# Some building ideas



## ohioriverrailway (Jan 2, 2008)

These are prototype. The first was maybe an old gas station. It's on old US 40 on Wheeling Island, WV.












This is an old brick building that's probably seen many uses. It's in West Brownsvillel, PA.











Anyone's creative juices started to flow yet?


----------



## Lawrence Wallace (Jan 2, 2008)

Rick, 
That was a Sinclair Gas station. It now is a gambling parlor, WV. law says they have to sell food to get a license. It didn't have the turret originally, it was added by the previous owners of the property before the gambling parlor was opened. 
It sets at the NE corner of North Penn and Virginia Streets. At the western end of the Suspension Bridge from Wheeling, WV. 
When I worked in Wheeling it cost you .01 cent to walk across the bridge and .05 cents for a car. 
The bridge was the longest suspension bridge in the world when built. Now it is one of the oldest standing structures of it's type 
Shortly after it was built the wind twisted it enough to upset horses and wagons.
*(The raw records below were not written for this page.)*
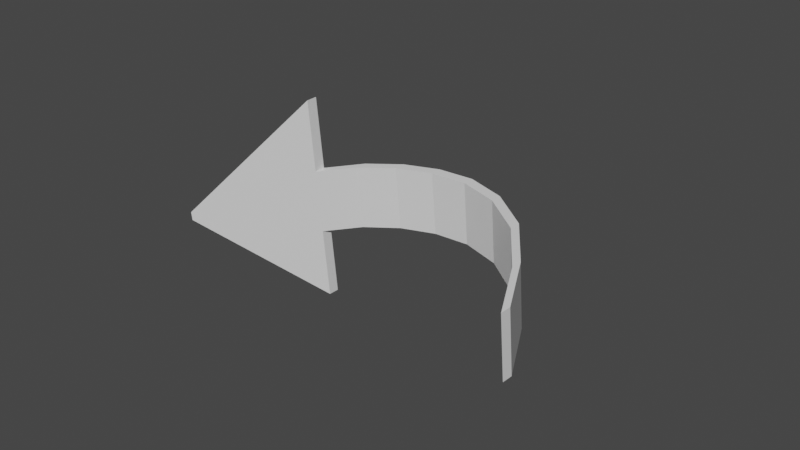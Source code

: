 # Source: arrow.blend  (saved by Blender 3.3.6; exported with 4.5.12 LTS)
import bpy
from mathutils import Matrix  # noqa: F401  (used for matrix-valued properties, if any)

bpy.ops.wm.read_factory_settings(use_empty=True)
scene = bpy.context.scene
scene.name = 'Scene'

# ---- collections
col_collection = bpy.data.collections.new('Collection'); scene.collection.children.link(col_collection)

# ---- materials (node trees are filled in below, after node groups)
mat_material = bpy.data.materials.new('Material')
mat_material.alpha_threshold = 0.0
mat_material.use_transparent_shadow = False
mat_material.roughness = 0.5
mat_material.line_color = (0.0, 0.0, 0.0, 1.0)

# ---- material node trees
mat_material.use_nodes = True; mat_material.node_tree.nodes.clear()
_N = mat_material.node_tree.nodes; _L = mat_material.node_tree.links
n0 = _N.new('ShaderNodeOutputMaterial'); n0.name = 'Material Output'; n0.location = (300, 300)
n1 = _N.new('ShaderNodeBsdfPrincipled'); n1.name = 'Principled BSDF'; n1.location = (10, 300)
n1.distribution = 'GGX'
n1.subsurface_method = 'RANDOM_WALK_SKIN'
n1.inputs[3].default_value = 1.45
n1.inputs[27].default_value = (0.0, 0.0, 0.0, 1.0)
n1.inputs[28].default_value = 1.0
_L.new(n1.outputs[0], n0.inputs[0])
n0.is_active_output = True

# ---- world
world_world = bpy.data.worlds.new('World'); scene.world = world_world
world_world.use_nodes = True; world_world.node_tree.nodes.clear()
_N = world_world.node_tree.nodes; _L = world_world.node_tree.links
n0 = _N.new('ShaderNodeOutputWorld'); n0.name = 'World Output'; n0.location = (300, 300)
n1 = _N.new('ShaderNodeBackground'); n1.name = 'Background'; n1.location = (10, 300)
n1.inputs[0].default_value = (0.05088, 0.05088, 0.05088, 1.0)
_L.new(n1.outputs[0], n0.inputs[0])
n0.is_active_output = True
world_world.color = (0.05088, 0.05088, 0.05088)
world_world.use_sun_shadow = False
world_world.sun_shadow_jitter_overblur = 0.0

# ---- cameras
cam_camera = bpy.data.cameras.new('Camera')
cam_camera.clip_end = 100.0
cam_camera.ortho_scale = 7.314

# ---- meshes
me_cube = bpy.data.meshes.new('Cube')
me_cube.from_pydata([(2.856, 1.03, -14.63), (2.856, 1.03, -16.63), (2.856, -0.9698, -14.63), (2.856, -0.9698, -16.63), (-1.16, 1.0, -3.37), (-1.16, 1.0, -5.37), (-1.16, -1.0, -3.37), (-1.16, -1.0, -5.37), (-1.16, 1.0, -3.37), (-1.16, 1.0, -5.37), (-1.16, -1.0, -3.37), (-1.16, -1.0, -5.37), (-1.16, 3.243, -3.37), (-1.16, 3.243, -5.37), (-1.16, -3.243, -3.37), (-1.16, -3.243, -5.37), (-1.16, 3.243, -3.37), (-1.16, 3.243, -5.37), (-1.16, -3.243, -3.37), (-1.16, -3.243, -5.37), (-2.192, 0.1318, -22.36), (-2.192, 0.1318, -24.36), (-2.192, -0.1318, -22.36), (-2.192, -0.1318, -24.36), (0.572, 1.015, 9.04), (0.572, -0.9849, 11.04), (0.572, -0.9849, 9.04), (0.572, 1.015, 11.04), (-0.4085, 1.008, 5.136), (-0.4085, -0.9925, 7.136), (-0.4085, -0.9925, 5.136), (-0.4085, 1.008, 7.136), (1.773, -0.9774, 2.548), (1.773, 1.023, 4.548), (1.773, 1.023, 2.548), (1.773, -0.9774, 4.548), (0.06252, -0.9887, 7.968), (0.06252, 1.011, 9.968), (0.06252, 1.011, 7.968), (0.06252, -0.9887, 9.968), (1.149, 1.019, 7.491), (1.149, -0.9811, 9.491), (1.149, -0.9811, 7.491), (1.149, 1.019, 9.491), (2.355, -0.9736, -6.285), (2.355, 1.026, -4.285), (2.355, 1.026, -6.285), (2.355, -0.9736, -4.285), (-0.8234, 1.004, 0.7284), (-0.8234, -0.9962, 2.728), (-0.8234, -0.9962, 0.7284), (-0.8234, 1.004, 2.728)], [], [(51, 4, 6, 49), (50, 49, 6, 7), (46, 1, 3, 44), (1, 0, 2, 3), (46, 45, 0, 1), (5, 7, 11, 9), (6, 4, 8, 10), (4, 5, 9, 8), (7, 6, 10, 11), (8, 9, 13, 12), (9, 11, 15, 13), (10, 8, 12, 14), (11, 10, 14, 15), (12, 13, 17, 16), (13, 15, 19, 17), (14, 12, 16, 18), (15, 14, 18, 19), (18, 16, 20, 22), (19, 18, 22, 23), (16, 17, 21, 20), (17, 19, 23, 21), (38, 37, 27, 24), (38, 24, 26, 36), (42, 41, 25, 26), (43, 27, 25, 41), (48, 28, 30, 50), (48, 51, 31, 28), (36, 39, 29, 30), (37, 31, 29, 39), (45, 33, 35, 47), (44, 47, 35, 32), (40, 43, 33, 34), (40, 34, 32, 42), (27, 37, 39, 25), (26, 25, 39, 36), (28, 38, 36, 30), (28, 31, 37, 38), (24, 40, 42, 26), (24, 27, 43, 40), (33, 43, 41, 35), (32, 35, 41, 42), (3, 2, 47, 44), (0, 45, 47, 2), (34, 33, 45, 46), (34, 46, 44, 32), (5, 4, 51, 48), (5, 48, 50, 7), (30, 29, 49, 50), (31, 51, 49, 29)])
_uv = me_cube.uv_layers.new(name='UVMap')
_uv.uv.foreach_set('vector', [0.8438, 0.5, 0.875, 0.5, 0.875, 0.75, 0.8438, 0.75, 0.375, 0.9688, 0.625, 0.9688, 0.625, 1.0, 0.375, 1.0, 0.3438, 0.5, 0.375, 0.5, 0.375, 0.75, 0.3438, 0.75, 0.375, 0.5, 0.625, 0.5, 0.625, 0.75, 0.375, 0.75, 0.375, 0.4688, 0.625, 0.4688, 0.625, 0.5, 0.375, 0.5, 0.125, 0.5, 0.125, 0.75, 0.125, 0.75, 0.125, 0.5, 0.875, 0.75, 0.875, 0.5, 0.875, 0.5, 0.875, 0.75, 0.625, 0.25, 0.375, 0.25, 0.375, 0.25, 0.625, 0.25, 0.375, 1.0, 0.625, 1.0, 0.625, 1.0, 0.375, 1.0, 0.625, 0.25, 0.375, 0.25, 0.375, 0.25, 0.625, 0.25, 0.125, 0.5, 0.125, 0.75, 0.125, 0.75, 0.125, 0.5, 0.875, 0.75, 0.875, 0.5, 0.875, 0.5, 0.875, 0.75, 0.375, 1.0, 0.625, 1.0, 0.625, 1.0, 0.375, 1.0, 0.625, 0.25, 0.375, 0.25, 0.375, 0.25, 0.625, 0.25, 0.125, 0.5, 0.125, 0.75, 0.125, 0.75, 0.125, 0.5, 0.875, 0.75, 0.875, 0.5, 0.875, 0.5, 0.875, 0.75, 0.375, 1.0, 0.625, 1.0, 0.625, 1.0, 0.375, 1.0, 0.875, 0.75, 0.875, 0.5, 0.875, 0.5, 0.875, 0.75, 0.375, 1.0, 0.625, 1.0, 0.625, 1.0, 0.375, 1.0, 0.625, 0.25, 0.375, 0.25, 0.375, 0.25, 0.625, 0.25, 0.125, 0.5, 0.125, 0.75, 0.125, 0.75, 0.125, 0.5, 0.375, 0.3438, 0.625, 0.3438, 0.625, 0.375, 0.375, 0.375, 0.2188, 0.5, 0.25, 0.5, 0.25, 0.75, 0.2188, 0.75, 0.375, 0.8438, 0.625, 0.8438, 0.625, 0.875, 0.375, 0.875, 0.7188, 0.5, 0.75, 0.5, 0.75, 0.75, 0.7188, 0.75, 0.1562, 0.5, 0.1875, 0.5, 0.1875, 0.75, 0.1562, 0.75, 0.375, 0.2812, 0.625, 0.2812, 0.625, 0.3125, 0.375, 0.3125, 0.375, 0.9062, 0.625, 0.9062, 0.625, 0.9375, 0.375, 0.9375, 0.7812, 0.5, 0.8125, 0.5, 0.8125, 0.75, 0.7812, 0.75, 0.6562, 0.5, 0.6875, 0.5, 0.6875, 0.75, 0.6562, 0.75, 0.375, 0.7812, 0.625, 0.7812, 0.625, 0.8125, 0.375, 0.8125, 0.375, 0.4062, 0.625, 0.4062, 0.625, 0.4375, 0.375, 0.4375, 0.2812, 0.5, 0.3125, 0.5, 0.3125, 0.75, 0.2812, 0.75, 0.75, 0.5, 0.7812, 0.5, 0.7812, 0.75, 0.75, 0.75, 0.375, 0.875, 0.625, 0.875, 0.625, 0.9062, 0.375, 0.9062, 0.1875, 0.5, 0.2188, 0.5, 0.2188, 0.75, 0.1875, 0.75, 0.375, 0.3125, 0.625, 0.3125, 0.625, 0.3438, 0.375, 0.3438, 0.25, 0.5, 0.2812, 0.5, 0.2812, 0.75, 0.25, 0.75, 0.375, 0.375, 0.625, 0.375, 0.625, 0.4062, 0.375, 0.4062, 0.6875, 0.5, 0.7188, 0.5, 0.7188, 0.75, 0.6875, 0.75, 0.375, 0.8125, 0.625, 0.8125, 0.625, 0.8438, 0.375, 0.8438, 0.375, 0.75, 0.625, 0.75, 0.625, 0.7812, 0.375, 0.7812, 0.625, 0.5, 0.6562, 0.5, 0.6562, 0.75, 0.625, 0.75, 0.375, 0.4375, 0.625, 0.4375, 0.625, 0.4688, 0.375, 0.4688, 0.3125, 0.5, 0.3438, 0.5, 0.3438, 0.75, 0.3125, 0.75, 0.375, 0.25, 0.625, 0.25, 0.625, 0.2812, 0.375, 0.2812, 0.125, 0.5, 0.1562, 0.5, 0.1562, 0.75, 0.125, 0.75, 0.375, 0.9375, 0.625, 0.9375, 0.625, 0.9688, 0.375, 0.9688, 0.8125, 0.5, 0.8438, 0.5, 0.8438, 0.75, 0.8125, 0.75])
me_cube.materials.append(mat_material)
me_cube.use_mirror_vertex_groups = False
me_cube.update()
lat_lattice_001 = bpy.data.lattices.new('Lattice.001')
lat_lattice_001.points_u = 10
lat_lattice_001.points_v = 1
lat_lattice_001.points_w = 1
lat_lattice_001.points.foreach_set('co_deform', [-0.5, 0.0, 9.345, -0.3889, 0.0, 5.408, -0.2992, 2.518e-08, 2.045, -0.2303, 1.073e-08, -0.7126, -0.1307, -4.903e-09, -2.539, -0.01958, -4.903e-09, -3.615, 0.1005, 1.02e-08, -3.769, 0.2478, 2.517e-08, -2.25, 0.3889, 0.0, 1.113, 0.5, 0.0, 6.827])

# ---- objects
ob_cube = bpy.data.objects.new('Cube', me_cube)
ob_camera = bpy.data.objects.new('Camera', cam_camera)
ob_lattice = bpy.data.objects.new('Lattice', lat_lattice_001)

# ---- transforms, parenting, visibility, modifiers, constraints
ob_cube.location = (0.0, 0.0, 0.0)
ob_cube.rotation_euler = (-1.479, -0.0, 0.0)
ob_cube.scale = (0.7824, 0.3577, 0.05594)
ob_cube.lock_rotations_4d = False
ob_cube.empty_display_type = 'ARROWS'
ob_cube.lineart.crease_threshold = 0.0
ob_camera.location = (7.359, -6.926, 4.958)
ob_camera.rotation_euler = (1.109, -0.0, 0.8149)
ob_camera.lock_rotations_4d = False
ob_camera.empty_display_type = 'ARROWS'
ob_camera.color = (0.0, 0.0, 0.0, 0.0)
ob_camera.display_type = 'WIRE'
ob_camera.lineart.crease_threshold = 0.0
ob_lattice.location = (0.2522, 0.0, 0.0)
ob_lattice.rotation_euler = (-1.479, -0.0, 0.0)
ob_lattice.scale = (4.026, 2.364, -0.1543)

# ---- collection membership
col_collection.objects.link(ob_cube)
col_collection.objects.link(ob_camera)
col_collection.objects.link(ob_lattice)

# ---- scene / render settings (as saved in the file)
scene.camera = ob_camera
scene.frame_start = 1; scene.frame_end = 250; scene.frame_set(1)
scene.render.engine = 'BLENDER_EEVEE_NEXT'
scene.cycles.sampling_pattern = 'TABULATED_SOBOL'
scene.cycles.use_light_tree = False
scene.view_settings.view_transform = 'Filmic'
bpy.context.view_layer.update()

# ---- added for rendering (the .blend has no usable light): sun
light_auto_sun = bpy.data.lights.new('AutoSun', 'SUN')
light_auto_sun.energy = 3.0
light_auto_sun.angle = 0.0523599
ob_auto_sun = bpy.data.objects.new('AutoSun', light_auto_sun)
scene.collection.objects.link(ob_auto_sun)
ob_auto_sun.rotation_euler = (0.872665, 0.174533, 0.523599)
bpy.context.view_layer.update()

They added anchor cables from different points on the sides of the bridge to large stone foundations to stabilize it. 
I you are ever in the Wheeling, WV area it is a must see structure. 
In 1936 the water hit 53 feet 0n the Ohio river, the water was at the top of the windows on this building, which sets on one of the highest points on the island.


----------



## Paulus (May 31, 2008)

Anyone's creative juices started to flow yet? 
ALWAYS! But you know what they say; so many things to model, so less time... 

Thanks for these inspirational reference pictures!


----------



## caferacer (Jul 22, 2010)

You guys have some classic buildings and history over their$4 bucks for lunch caferacer


----------